Nach der Pause hatten auch die VfB-Spieler verinnerlicht, dass das Spiel gegen Wiesbaden kein Spaziergang über den Wasen war. Der VfB gab endlich Gas und spielte sich sofort Chancen heraus. Am Ende waren es 29:6 Torschüsse bei 826 zu 152 gespielten Pässen. Und so fühlte sich Gregor Kobel in der zweiten Halbzeit.

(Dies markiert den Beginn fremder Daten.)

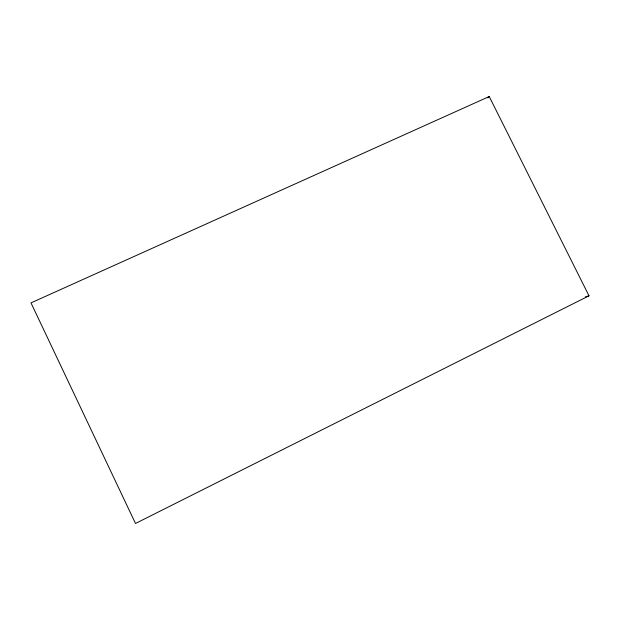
<?xml version="1.0" encoding="UTF-8"?>
<svg xmlns="http://www.w3.org/2000/svg" width="620" height="620" viewBox="0 0 620 620"><rect width="100%" height="100%" fill="white"/><g stroke="black" fill="none" stroke-linecap="round" stroke-linejoin="round"><path stroke-width="0.93" d="M487.886 97.913L489.226 96.526L589 295.802L135.501 523.474L31 302.885L489.226 96.526M585.296 296.91L589 295.802"/></g></svg>
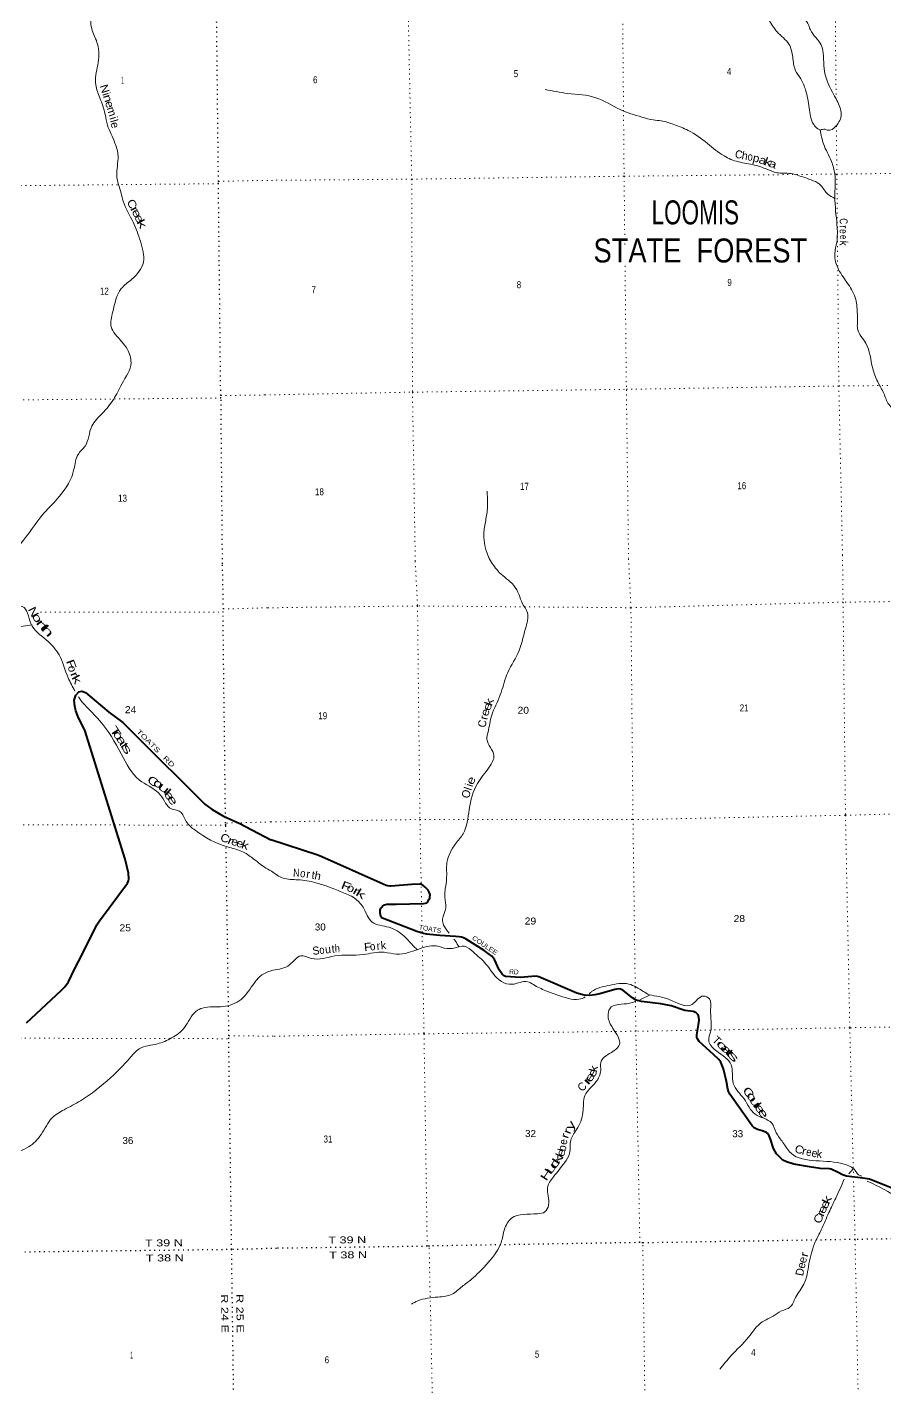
# Model space of a CAD drawing. Header units: feet. Extents: x 242557 to 489137, y 368785 to 557307.
# Drawn here: x 297824 to 319271, y 487044 to 521022 of the extents above; entities that cross this region are included whole.
import ezdxf
from ezdxf.enums import TextEntityAlignment as Align

# ---------------------------------------------------------------- set-up
doc = ezdxf.new("R2010")
doc.units = ezdxf.units.FT
doc.header["$LTSCALE"] = 80
doc.linetypes.add('DOT_DASHED', pattern=[7.7, 5, -1.2, 0.3, -1.2])
doc.linetypes.add('DOTTED', pattern=[1.5, 0.3, -1.2])
for name, color, linetype, lineweight in [('26', 7, 'Continuous', 40), ('27', 7, 'Continuous', 25), ('39', 7, 'Continuous', 13), ('41', 7, 'Continuous', 13), ('44', 7, 'DOT_DASHED', 13), ('6', 7, 'DOTTED', 25), ('7', 7, 'DOTTED', 13)]:
    doc.layers.add(name, color=color, linetype=linetype, lineweight=lineweight)

msp = doc.modelspace()

# ---------------------------------------------------------------- linework, layer by layer
at = {"layer": '26'}
for points in [[(297811.51, 496143.77), (298675.53, 496944.2), (298765.67, 497043.42), (298854.39, 497165.63), (299008.07, 497481.23), (299209, 497862.26), (299569.18, 498585.23), (299633.29, 498685), (300329.13, 499630.25), (300354.41, 499686.18), (300367.94, 499740.3), (300360.89, 499881.09), (300271.88, 500226.63), (299264.71, 503457.89), (299103.73, 503765.8), (299040.61, 503938.96), (299015.7, 504056.86), (298995.54, 504200.53), (299045.04, 504329.85), (299112.72, 504407.98), (299188.53, 504429.32), (299283.99, 504398.96), (299388.54, 504305.77), (299870.12, 503900.7), (300215.81, 503644.55), (300507.7, 503351.11), (302267.66, 501602.86), (302447.94, 501467.57), (302730.39, 501302.24), (303139.36, 501117.87), (303921.2, 500709.85)], [(307731.92, 498375.82), (307569.83, 498425.94), (306711.79, 498754.68), (306686.77, 498771.31), (306671.41, 498796.98), (306653.45, 498879.2), (306651.7, 498924.09), (306654.9, 498958.01), (306671.72, 499004.9), (306688.83, 499031.44), (306708.55, 499057.11), (306732.16, 499072.73), (306763.22, 499089.23), (306814.69, 499105.76), (306833.26, 499107.82), (306883.95, 499107.26), (307047.4, 499101.66), (307732.81, 499120.22), (307785.54, 499127.3), (307817.42, 499140.86), (307825.67, 499149.11), (307845.38, 499174.79), (307880.37, 499231.71), (307891.7, 499256.47), (307896.95, 499300.71), (307897.89, 499336.98), (307890.43, 499367.39), (307873.13, 499409.24), (307849.51, 499451.42), (307777.04, 499531.53), (307717.46, 499583.55), (307688.58, 499604.2), (307672.99, 499605.37), (307640.79, 499606.31), (307433.23, 499595.05), (306929.59, 499559.04), (306892.18, 499558.78), (306845.64, 499562.01), (306801.4, 499575.29), (306650.12, 499635.68), (305190.27, 500286.97), (305088.94, 500326.76), (303921.2, 500709.85)], [(317390.52, 492544.36), (316994.98, 492608.72), (316814.1, 492665.47), (316723.32, 492710.89), (316649.69, 492771.34), (316562.39, 492867.79), (316482.96, 492995.35), (316412.83, 493232.96), (316358.13, 493357.08), (316308.61, 493398.37), (316201.33, 493443.78), (316089.91, 493476.82), (315999.23, 493511.86), (315949.62, 493563.52), (315836.53, 493735.93), (315395.54, 494360.31), (315357.48, 494424.41), (315345.1, 494478.09), (315310.14, 494674.56), (315237.81, 494994.2), (315173.85, 495153.9), (315122.27, 495221.29), (314985.43, 495345.21), (314627.52, 495675.53), (314583.77, 495739.48), (314571.4, 495772.51), (314572.63, 495838.54), (314615.29, 496085.97), (314629.17, 496206.05), (314622.99, 496282.44), (314601.4, 496338.61), (314544.58, 496402.18), (314481.1, 496425.78), (314267.01, 496446.78), (313928.49, 496560.96), (313793.58, 496592.11), (313667.57, 496611.58), (313184.64, 496672.98), (313054.95, 496707.72), (312961.42, 496764.64), (312718.56, 496955.12), (312656.75, 496978.17), (312611.36, 496986.43), (312516.59, 496974.29), (312147.14, 496864.63), (312021.29, 496837.79), (311895.75, 496819.16), (311748.94, 496829.53), (311568.08, 496882.93), (310622.15, 497289.22), (310554.35, 497302.3), (310440.57, 497294.54), (310150.46, 497273.93), (309783.04, 497298.66), (309739.39, 497320.88), (309702.25, 497353.91), (309625.23, 497466.16), (309506.15, 497719.5), (309479.33, 497764.92), (309440.12, 497802.08), (309351.41, 497874.34), (309252.97, 497945.95), (308804.76, 498231.32), (308738.65, 498262.42), (308682.94, 498278.93), (308625.17, 498287.19), (308536.55, 498297.38), (308144.54, 498326.29), (307890.66, 498347.06), (307816.38, 498355.32), (307731.92, 498375.82)], [(319470.59, 492003.29), (318974.27, 492200.96), (318883.49, 492233.99), (318720.57, 492256.82), (318314.48, 492305.23), (318210.89, 492337.21), (318101.24, 492403.11), (317932.36, 492479.67), (317886.18, 492488.83), (317654.06, 492501.47), (317390.52, 492544.36)]]:
    msp.add_lwpolyline(points, dxfattribs=at)
at = {"layer": '39'}
for p, q in [((313387.1, 496835.39), (313141.91, 496717.86)), ((318478.04, 492487.29), (318373.24, 492365.96))]:
    msp.add_line(p, q, dxfattribs=at)
for points in [[(295898.61, 533613.36), (295364.11, 533236.34), (294936.77, 532822.91), (294564.21, 532300.13), (294457.84, 531990.16), (294317.2, 531647.77), (294144.24, 531305.36), (294098.96, 530780.71), (294118.14, 530341.17), (294393.44, 530094.18), (294462.89, 529755.94), (294651.37, 529486.63), (294977.61, 529049.26), (295667.09, 528784.25), (296111.85, 528642.68), (296377.08, 528383.53), (296749.23, 528189.26), (297138.04, 527774.2), (297368.3, 527792.54), (297496.03, 527590.05), (297940.97, 527369.48), (298143.56, 527116.38), (298409.34, 526614.16), (298636.86, 526055.21), (298851.33, 525907.45), (298995.31, 525666.47), (299046.5, 525360.64), (299051.87, 524771.19), (299008.76, 524183.75), (298809.69, 523770.44), (298824.79, 523347.1), (298765.13, 522929.8), (298925.4, 522628.06), (299267.74, 522219.06), (299373.77, 521783.61), (299413.59, 521147.6), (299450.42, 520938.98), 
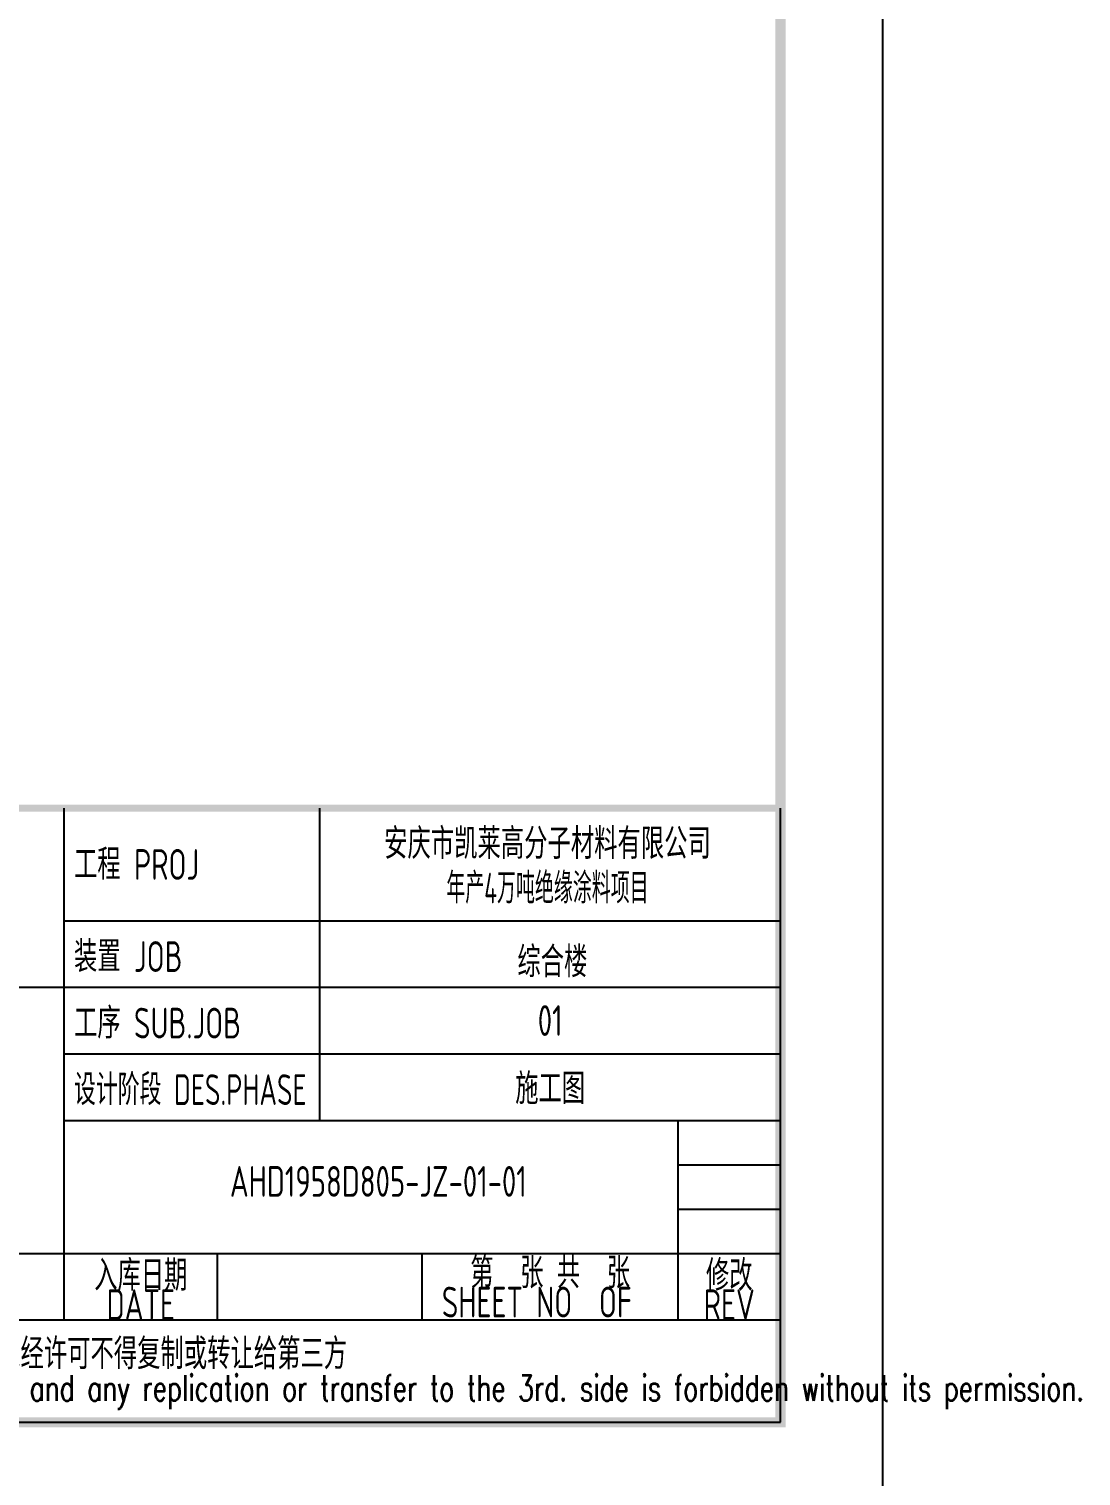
# Model space of a CAD drawing. Extents: x 5904849 to 6011887, y -826029 to -177002.
# Drawn here: x 6001606 to 6011887, y -290973 to -276835 of the extents above; entities that cross this region are included whole.
import ezdxf
from ezdxf.enums import TextEntityAlignment as Align

# ---------------------------------------------------------------- set-up
doc = ezdxf.new("R2010")
doc.units = 0
doc.header["$LTSCALE"] = 1000
doc.header["$MEASUREMENT"] = 0
doc.layers.get('0').update_dxf_attribs({"linetype": 'CONTINUOUS'})
doc.layers.add('PUB_TITLE', color=4, linetype='CONTINUOUS')
doc.styles.add('ECEC_TQ', font='txt_l.shx', dxfattribs={"bigfont": 'hztxt_l.shx'})
doc.styles.add('sceie', font='sceie.shx', dxfattribs={"bigfont": 'sceic.shx'})

msp = doc.modelspace()

# ---------------------------------------------------------------- linework, layer by layer
for p, q in [((6001949.4, -289447.7), (6001949.4, -284447.7)), ((6004449.4, -287497.7), (6004449.4, -284447.7)), ((6008949.4, -290447.7), (6008949.4, -284447.7)), ((6001949.4, -285547.7), (6008949.4, -285547.7)), ((5990949.4, -286197.7), (6001949.4, -286197.7)), ((6001949.4, -286197.7), (6008949.4, -286197.7)), ((6001949.4, -286847.7), (6008949.4, -286847.7)), ((6001949.4, -287497.7), (6008949.4, -287497.7)), ((6007949.4, -289447.7), (6007949.4, -287497.7)), ((6007949.4, -287931), (6008949.4, -287931)), ((6007949.4, -288364.4), (6008949.4, -288364.4)), ((5996449.4, -288797.7), (6008949.4, -288797.7)), ((6003449.4, -289447.7), (6003449.4, -288797.7)), ((6005449.4, -289447.7), (6005449.4, -288797.7)), ((5990949.4, -289447.7), (6008949.4, -289447.7)), ((5990949.4, -290447.7), (6008949.4, -290447.7))]:
    msp.add_line(p, q)
at = {"const_width": 70}
msp.add_lwpolyline([(6008949.4, -284447.7), (5990949.4, -284447.7)], dxfattribs=at)
at = {"layer": 'PUB_TITLE'}
msp.add_lwpolyline([(5904849.4, -291447.7), (6009949.4, -291447.7), (6009949.4, -232047.7), (5904849.4, -232047.7)], close=True, dxfattribs=at)
at = {"layer": 'PUB_TITLE', "const_width": 100}
msp.add_lwpolyline([(5907349.4, -290447.7), (6008949.4, -290447.7), (6008949.4, -233047.7), (5907349.4, -233047.7)], close=True, dxfattribs=at)

# ---------------------------------------------------------------- texts
for s, height, style, width, p in [('安庆市凯莱高分子材料有限公司', 300, 'sceie', 0.8, (6006673.1, -284777.5)), ('年产4万吨绝缘涂料项目', 300, 'sceie', 0.65, (6006673.1, -285212.5)), ('综合楼', 300, 'sceie', 0.8, (6006720.9, -285933.7)), ('01', 300, 'sceie', 0.8, (6006699.4, -286522.7)), ('施工图', 300, 'sceie', 0.8, (6006699.4, -287172.7)), ('第  张 共  张', 300, 'sceie', 0.8, (6006699.4, -288972.7)), ('入库日期', 300, 'sceie', 0.8, (6002699.4, -288997.7)), ('修改', 300, 'sceie', 0.8, (6008449.4, -288997.7)), ('DATE', 300, 'sceie', 0.8, (6002699.4, -289297.7)), ('SHEET NO  OF  ', 300, 'sceie', 0.8, (6006699.4, -289272.7)), ('REV', 300, 'sceie', 0.8, (6008449.4, -289297.7)), ('本文件专有权属安徽华东化工医药工程有限责任公司所有,未经许可不得复制或转让给第三方', 300, 'sceie', 0.8, (6000120.5, -289796.6)), ('The proprietary right of this document belongs to Anhui Huadong Chemical And Medical Engineering  Co.,Ltd.  and any replication or transfer to the 3rd. side is forbidden without its permission. ', 250, 'ECEC_TQ', 0.72, (5999949.4, -290147.7))]:
    msp.add_text(s, height=height, dxfattribs=dict(style=style, width=width)).set_placement(p, align=Align.MIDDLE)
at = {"style": 'sceie'}
for s, width, p in [('工程 PROJ', 0.8, (6002046.2, -285147.7)), ('装置 JOB', 0.8, (6002046.2, -286047.7)), ('工序 SUB.JOB', 0.8, (6002046.2, -286697.7)), ('设计阶段 DES.PHASE', 0.75, (6002046.2, -287347.7))]:
    msp.add_text(s, height=300, dxfattribs=dict(at, width=width)).set_placement(p)
at = {"style": 'sceie', "width": 0.8}
msp.add_attdef('AHD1958D805-JZ-01-01', text='200320-02-040', height=300, dxfattribs=at).set_placement((6005020.1, -288094), align=Align.MIDDLE)

doc.saveas('drawing.dxf')

Im Wehener Strafraum hingegen brannte der Baum: Aber das Glück, das in den letzten Spielen meist auf Stuttgarter Seite gewesen war, schien aufgebraucht. Auch die besten Chancen wurden vereitelt: von Torwart Lindner, vom Pfosten, von der Latte oder von Hamadi Al Ghaddioui.

Damit wir uns nicht falsch verstehen: In der zweiten Hälfte war sicherlich auch viel Pech dabei (4x Alu!), aber gerade in der ersten Halbzeit war das, was der VfB Stuttgart anbot, sehr überschaubar – und selbst für den ehemals Tabellenletzten der zweiten Liga zu wenig. Und so gehen die VfB-Fans einigermaßen unzufrieden nach der ersten Saisonniederlage nicht nur in ein regnerisches Oktoberwochenende, sondern auch in die Länderspielpause.